Foi dentro dessa equação que Alex Silva entrou na história da noite. Ao marcar o primeiro gol do jogo de volta, o atacante cumpriu a parte mais urgente da missão: colocar o Ceará na frente do placar e transformar o agregado em 2 a 2. Com o resultado parcial de 1 a 0, a partida voltou ao ponto de equilíbrio — e a pressão passou a recair integralmente sobre o Atlético-MG, que precisaria segurar o ímpeto de uma torcida que enxergou a possibilidade real de classificação.
O SportNavo acompanhou os números desta fase da Copa do Brasil e identificou que o Ceará, quando joga no Castelão com necessidade de resultado, apresenta índice de aproveitamento acima de 60% nas últimas três edições do torneio — dado que sustenta o otimismo da torcida, mas que não elimina a fragilidade defensiva recente do elenco.
A decisão tática que definirá a classificação
Com o placar em 1 a 0 para o Ceará, o técnico atleticano se viu diante de uma escolha institucional: manter a linha defensiva e administrar o 2 a 2 no agregado, apostando nos pênaltis em caso de segundo gol cearense, ou pressionar para matar o jogo e garantir a vaga sem depender de loteria. Cada substituição, cada posicionamento no meio-campo, carregava peso de classificação.
Para o lado cearense, a questão tática era igualmente delicada. Abrir o placar resolve metade do problema, mas criar um segundo gol contra um bloco defensivo organizado do Atlético-MG — que tem no elenco jogadores de alto nível técnico — é uma tarefa que exige equilíbrio entre ataque e controle. Avançar demais pode expor a defesa a um contra-ataque que, sozinho, eliminaria o Vozão.
Segundo análises da comissão técnica do Ceará divulgadas antes da partida, a estratégia passava por pressão alta nos primeiros 20 minutos, explorando a linha defensiva atleticana em transições rápidas — exatamente o modelo que gerou o gol de Alex Silva.
O Atlético-MG, por sua vez, tem no histórico da Copa do Brasil um alerta concreto: o clube já foi eliminado por times da Série B em ao menos seis ocasiões na história do torneio, o que demonstra que a condição de favorito não é garantia automática de passagem.

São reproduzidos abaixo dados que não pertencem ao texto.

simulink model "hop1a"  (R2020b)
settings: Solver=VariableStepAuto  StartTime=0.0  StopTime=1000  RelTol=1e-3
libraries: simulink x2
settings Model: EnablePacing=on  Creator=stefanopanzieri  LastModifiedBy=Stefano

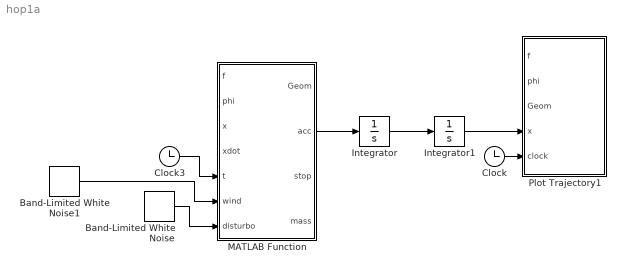
== system hop1a ==
  Band-Limited White Noise : simulink/Sources/Band-Limited White Noise  Cov=[0.000001]  Ts=0.1  seed=[23341]
  Band-Limited White Noise1 : simulink/Sources/Band-Limited White Noise  Cov=[0.000000001]  Ts=0.1  seed=[23341]
  Clock : Clock
  Clock3 : Clock
  Integrator : Integrator  InitialCondition=[0 0 0]
  Integrator1 : Integrator  InitialCondition="[0 20  0]"
  MATLAB Function : MATLAB Function  TreatAsAtomicUnit=on  SystemSampleTime=0.01
  Plot Trajectory1 : MATLAB Function  TreatAsAtomicUnit=on  SystemSampleTime=0.1
  wires:
  Integrator/1 -> Integrator1/1
  MATLAB Function/2(acc) -> Integrator/1
  Clock/1 -> Plot Trajectory1/5(clock)
  Integrator1/1 -> Plot Trajectory1/4(x)
  Clock3/1 -> MATLAB Function/5(t)
  Band-Limited White Noise1/1 -> MATLAB Function/6(wind)
  Band-Limited White Noise/1 -> MATLAB Function/7(disturbo)

== matlab function hop1a/Plot Trajectory1 ==
  settings: updateMethod=DISCRETE
  data: f input; phi input; Geom input; x input; clock input
function PlotRocket(f,phi,Geom,x,clock)

eml.extrinsic('findobj','get','set','figure','clf',...
              'hold','delete','plot','axis','grid',...
              'hggroup','quiver','drawnow');
          
persistent chain;
persistent thrust;
persistent ground;
persistent deleted_fig;

L=Geom(1);
Alt=Geom(2);
Dia=Geom(3);

% posizione del propulsore
pex=x(1)+L*sin(x(3));
pey=x(2)-L*cos(x(3));

% Vettore di propulsione
vex=f*sin(x(3)+phi)/2000;
vey=-f*cos(x(3)+phi)/2000;

          
% Gestisco la figura di output
if isempty(deleted_fig)
    deleted_fig=1;
    % La prima volta cancello la figura
    foundFig=findobj('Tag','trajScope');
    if ~isempty(foundFig)
        cla(foundFig)
        %foundFig=findobj('Tag','stroboScope');
    end      
else
    foundFig=findobj('Tag','trajScope');
end



if isempty(foundFig)
    fig=figure('Color','white');
    clf(fig);
    set(fig,'Name','Trajectory');
    set(fig,'DoubleBuffer','on','Tag','trajScope');
    set(fig,'Renderer','painters');
    hold('on');
    hax=get(fig,'CurrentAxes');
    set(hax,'DrawMode','fast','Box','off');    
    

    chain=hggroup;
    thrust=quiver(hax,pex,pey,vex,vey,'Color','green','LineWidth',2);
    ground=plot([-30 30],[0 0],'c','LineWidth',3);
    grid('on');
    
else
    
    hax=get(foundFig,'CurrentAxes');

end


if ~isempty(chain)
    delete(chain);
    delete(thrust);
end



% draw the center of mass
chain=hggroup;
h1=plot(hax,x(1),x(2),'r*','LineWidth',3);


width = Dia; % whatever
height = Alt; % whatever...
xLeft = - width/2;
xRigth = width/2;
yBottom = - L;
yTop = height;
xPoint=0;
yPoint=height*3/2;

Vertex=[xLeft yTop  1
        xPoint yPoint 1
        xRigth yTop  1
        xRigth yBottom 1
        xLeft  yBottom 1
        xLeft yTop  1];
    
Rot=[cos(-x(3))  sin(-x(3)) x(1)
     -sin(-x(3)) cos(-x(3)) x(2)
      0         0        1];
      
Vertex=(Rot*Vertex')';

h2=line(Vertex(:,1),Vertex(:,2));


%h2=rectangle('Position', [xLeft, yBottom, width, height], 'EdgeColor', 'b', 'FaceColor', 'r', 'LineWidth', 4);

set(h1,'Parent',chain);
set(h2,'Parent',chain);



% draw the thrust

thrust=quiver(hax,pex,pey,vex,vey,'Color','green','LineWidth',2);


% draw the ground
if x(2)<100
    if isempty(ground)
        ground=plot([-30 30],[0 0],'c','LineWidth',3);
    end
end



%axis([-2 42 0 102])
axis equal
drawnow;

== matlab function hop1a/MATLAB Function ==
  data: Geom output; f input; acc output; phi input; x input; xdot input; stop output; t input; wind input; disturbo input; mass output
function [Geom,acc,stop,mass] = accelerazioni(f,phi,x,xdot,t,wind,disturbo)

% y: spostamento laterale x(1)
% z:   quota x(2)
% theta: angolo razzo x(3)
% phi: angolo di controllo dell'ugello
% f: spinta del razzo

persistent mass_consumption;

Geom=[0 0 0];
stop=0;
acc=[0 0 0];
mass=0;

if t<20
    disturbo=0;
end

M=45000;  % peso in Kg 
Dia=9; % diametro 
Alt=50; % altezza 
I=1/12*M*(Dia^2+Alt^2); % inerzia in Kg*m^2
L=20;    % distanza baricentro-ugello
g=9.8;  % accelerazione di gravitÃ 
D=M*g/100; % attrito necessario a cadere al massimo a 350 Km/h
Specific_Impulse=334; % Impulso specifico
Flow_Rate=931.2; % sea level
Fmax=(Flow_Rate*Specific_Impulse)*3; % 3 raptors


acc(1)= -f*sin(x(3)+phi)/M+wind; 
acc(2)= -g + f/M*cos(x(3) + phi) - D/M*xdot(2);      
acc(3)= -L/I*sin(phi)*f+disturbo;


% Consumo della massa
if isempty(mass_consumption)
   mass_consumption=0; 
end
%mass_consumption=mass_consumption+0.01*(f/Fmax)*932.2;
mass_consumption=mass_consumption+0.01*f/(Specific_Impulse*3);

mass=M-mass_consumption;


% Stop alla simulazione
if x(2)<=L & t>10
     stop=1;
end
% 

% Sulla piattaforma di lancio non può andare indietro
if x(2)<L & acc(2)<0
     acc(2)=0;
end


Geom(1)=L;
Geom(2)=Alt;
Geom(3)=Dia;

- Ceará precisa de: mais um gol para avançar diretamente
- Atlético-MG avança com: empate ou derrota por apenas um gol
- Pênaltis se: Ceará vencer por exatamente 1 a 0 no jogo de volta
A partida é transmitida pelo SporTV e pelo Premiere, com início às 21h30. O vencedor deste confronto avança às oitavas de final da Copa do Brasil, fase em que os times da Série A entram em maior número e o sorteio define adversários de peso. Para o Ceará, chegar às oitavas representaria a maior campanha recente no torneio e um argumento concreto de que o clube, apesar da crise na Série B, mantém capacidade competitiva em nível nacional.
Se o Vozão conseguir marcar o segundo gol e segurar o resultado, será a primeira vez na temporada que o clube vence por dois gols de diferença fora de uma sequência positiva — o que levanta uma pergunta concreta: uma classificação épica no Castelão seria suficiente para virar a chave do Ceará também na Série B, ou o time seguirá com duas personalidades distintas dependendo da competição?